Overbond uses a secure, durable technology infrastructure with industry-recognized certifications and audits: ISO 27001, FISMA Moderate, and SOC and SOC 2 audit reports. Even some of the most data-sensitive governmental departments have data in the cloud. The cloud allows them to maintain their compliance requirements with ease.
Overbond’s cloud infrastructure ensures highest availability and performance with multiple Availability Zones and data centres within each Amazon Web Services Region. Availability Zones are connected to each other with fast, private, fiber-optic networking, enabling Overbond to architect applications that automatically fail-over between Availability Zones all without interruptions.

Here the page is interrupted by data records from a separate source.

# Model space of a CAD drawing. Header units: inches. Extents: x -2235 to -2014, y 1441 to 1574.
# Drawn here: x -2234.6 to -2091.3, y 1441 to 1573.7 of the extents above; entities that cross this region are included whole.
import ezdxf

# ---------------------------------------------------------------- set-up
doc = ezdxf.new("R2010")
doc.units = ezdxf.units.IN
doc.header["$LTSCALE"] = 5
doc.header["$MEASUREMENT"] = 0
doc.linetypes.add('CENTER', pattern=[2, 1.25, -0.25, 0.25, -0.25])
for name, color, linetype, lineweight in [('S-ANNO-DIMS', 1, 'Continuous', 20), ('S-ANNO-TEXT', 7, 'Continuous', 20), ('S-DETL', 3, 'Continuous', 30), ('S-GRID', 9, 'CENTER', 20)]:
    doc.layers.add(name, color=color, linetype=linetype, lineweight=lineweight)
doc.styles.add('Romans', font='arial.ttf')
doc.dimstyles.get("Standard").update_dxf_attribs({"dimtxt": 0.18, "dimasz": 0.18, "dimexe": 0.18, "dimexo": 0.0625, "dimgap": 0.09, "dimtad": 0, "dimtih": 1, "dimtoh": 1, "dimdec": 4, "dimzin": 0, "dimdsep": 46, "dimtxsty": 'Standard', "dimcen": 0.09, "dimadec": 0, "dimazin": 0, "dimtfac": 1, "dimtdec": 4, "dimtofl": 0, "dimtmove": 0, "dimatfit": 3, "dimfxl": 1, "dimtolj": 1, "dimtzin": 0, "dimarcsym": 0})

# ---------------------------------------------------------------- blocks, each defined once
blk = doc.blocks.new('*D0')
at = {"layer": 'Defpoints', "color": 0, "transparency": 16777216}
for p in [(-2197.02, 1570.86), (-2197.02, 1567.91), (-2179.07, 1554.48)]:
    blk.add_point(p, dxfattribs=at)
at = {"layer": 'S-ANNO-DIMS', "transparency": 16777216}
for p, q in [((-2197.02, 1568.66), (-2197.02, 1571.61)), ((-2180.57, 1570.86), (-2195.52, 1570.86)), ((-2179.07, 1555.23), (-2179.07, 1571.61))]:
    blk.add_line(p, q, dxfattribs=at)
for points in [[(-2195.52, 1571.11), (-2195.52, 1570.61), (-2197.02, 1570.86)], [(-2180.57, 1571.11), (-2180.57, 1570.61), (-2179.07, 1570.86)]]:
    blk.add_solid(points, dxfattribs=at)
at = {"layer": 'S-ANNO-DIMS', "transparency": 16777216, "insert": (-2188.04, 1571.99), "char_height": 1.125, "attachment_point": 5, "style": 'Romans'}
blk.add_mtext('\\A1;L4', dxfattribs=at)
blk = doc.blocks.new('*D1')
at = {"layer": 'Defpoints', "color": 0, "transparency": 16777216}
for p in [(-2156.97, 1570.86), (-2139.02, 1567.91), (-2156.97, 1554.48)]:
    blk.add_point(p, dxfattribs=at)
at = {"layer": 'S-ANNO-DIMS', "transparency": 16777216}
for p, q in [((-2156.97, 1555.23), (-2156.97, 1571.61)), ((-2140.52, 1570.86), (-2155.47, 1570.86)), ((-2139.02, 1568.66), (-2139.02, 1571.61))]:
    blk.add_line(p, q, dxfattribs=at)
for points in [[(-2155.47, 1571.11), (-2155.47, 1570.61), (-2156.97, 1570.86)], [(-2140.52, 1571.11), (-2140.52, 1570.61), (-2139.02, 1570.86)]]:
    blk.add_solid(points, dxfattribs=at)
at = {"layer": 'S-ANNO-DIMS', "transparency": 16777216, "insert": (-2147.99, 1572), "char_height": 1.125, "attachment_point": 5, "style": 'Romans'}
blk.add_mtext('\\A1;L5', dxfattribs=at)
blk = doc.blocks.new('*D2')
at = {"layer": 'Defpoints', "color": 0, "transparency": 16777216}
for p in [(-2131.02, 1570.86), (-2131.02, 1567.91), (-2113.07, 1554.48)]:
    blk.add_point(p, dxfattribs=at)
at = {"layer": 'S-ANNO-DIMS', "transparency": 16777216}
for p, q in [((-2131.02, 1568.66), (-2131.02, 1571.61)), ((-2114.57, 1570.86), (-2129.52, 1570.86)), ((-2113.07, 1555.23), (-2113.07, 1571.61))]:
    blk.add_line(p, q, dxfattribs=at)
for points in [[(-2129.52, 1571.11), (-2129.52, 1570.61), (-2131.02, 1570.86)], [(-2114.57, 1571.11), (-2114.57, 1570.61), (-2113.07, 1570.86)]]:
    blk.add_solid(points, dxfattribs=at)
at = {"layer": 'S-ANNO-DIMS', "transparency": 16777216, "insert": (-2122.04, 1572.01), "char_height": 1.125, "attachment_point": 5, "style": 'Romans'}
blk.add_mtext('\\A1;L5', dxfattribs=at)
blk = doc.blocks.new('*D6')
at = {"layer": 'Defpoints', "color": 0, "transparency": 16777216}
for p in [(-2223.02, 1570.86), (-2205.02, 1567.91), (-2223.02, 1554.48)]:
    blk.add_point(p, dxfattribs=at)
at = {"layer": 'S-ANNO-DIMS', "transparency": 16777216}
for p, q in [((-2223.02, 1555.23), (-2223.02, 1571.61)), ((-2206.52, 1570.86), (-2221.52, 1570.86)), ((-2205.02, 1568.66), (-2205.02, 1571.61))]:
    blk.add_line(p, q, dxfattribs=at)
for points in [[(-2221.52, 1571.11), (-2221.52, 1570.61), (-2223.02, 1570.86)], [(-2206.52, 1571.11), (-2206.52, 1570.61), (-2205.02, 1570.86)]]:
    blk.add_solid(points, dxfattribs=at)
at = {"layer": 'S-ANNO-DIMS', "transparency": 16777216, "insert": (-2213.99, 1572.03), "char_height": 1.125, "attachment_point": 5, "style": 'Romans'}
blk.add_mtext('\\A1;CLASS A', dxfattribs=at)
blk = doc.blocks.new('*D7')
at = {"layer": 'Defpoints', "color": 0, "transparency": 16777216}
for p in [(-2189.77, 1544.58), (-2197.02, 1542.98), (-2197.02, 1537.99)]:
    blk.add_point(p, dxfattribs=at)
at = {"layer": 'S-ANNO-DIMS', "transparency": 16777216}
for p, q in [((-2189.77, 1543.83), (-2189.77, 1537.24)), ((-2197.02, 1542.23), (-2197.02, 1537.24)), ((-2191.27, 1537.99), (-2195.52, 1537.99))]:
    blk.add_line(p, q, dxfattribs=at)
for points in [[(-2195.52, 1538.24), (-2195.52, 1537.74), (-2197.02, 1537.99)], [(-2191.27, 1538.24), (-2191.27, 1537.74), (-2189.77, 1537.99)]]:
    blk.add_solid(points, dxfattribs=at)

Overbond’s cloud infrastructure uses built-in antivirus and anti-malware detection on all environments using industry certified tools to ensure a stable environment. Overbond's systems are designed with defined and isolated user permission settings while logical data isolation ensures all data remains accessible only to intended permission holders. Amazon Web Services provides technologies such as auto scaling, Amazon CloudFront and Amazon Route 53 to mitigate Distributed Denial of Service attacks.
Overbond's platform employs multiple enterprise level software development processes, including rigorous code-level inspection of all software delivered to our clients. In doing so, we ensure that Overbond is secure and adheres to rules and regulations in every jurisdiction where we operate. Overbond enforces complex password policy to ensure extra layers of security. All passwords are stored in hashed formats and never stored in clear text. Failed user authentication attempts will be monitored and may trigger user account lockout and/or investigation.
Overbond ensures user verification by limiting organization account access to be initiated only by Overbond’s security personnel. In addition, individual user account permission is granted only by authorized organization user(s). All new user requests are subject to a review process and are monitored by Overbond’s security team.
All data generated through the application is encrypted using industry leading techniques: built-in encryption, the connection uses TLS 1.2., encrypted and authenticated using AES_128_GCM and uses ECDHE_RSA as the key exchange mechanism. Secure Sockets Layer (SSL) and hardware-based cryptographic key storage.
All sensitive data is encrypted and stored offsite with access restricted by firewalls and access policies. Access to the data by personnel is monitored, auditable and is secured through multi-factor authentication and enforced by roles. Overbond’s support and security personnel go through thorough background checks.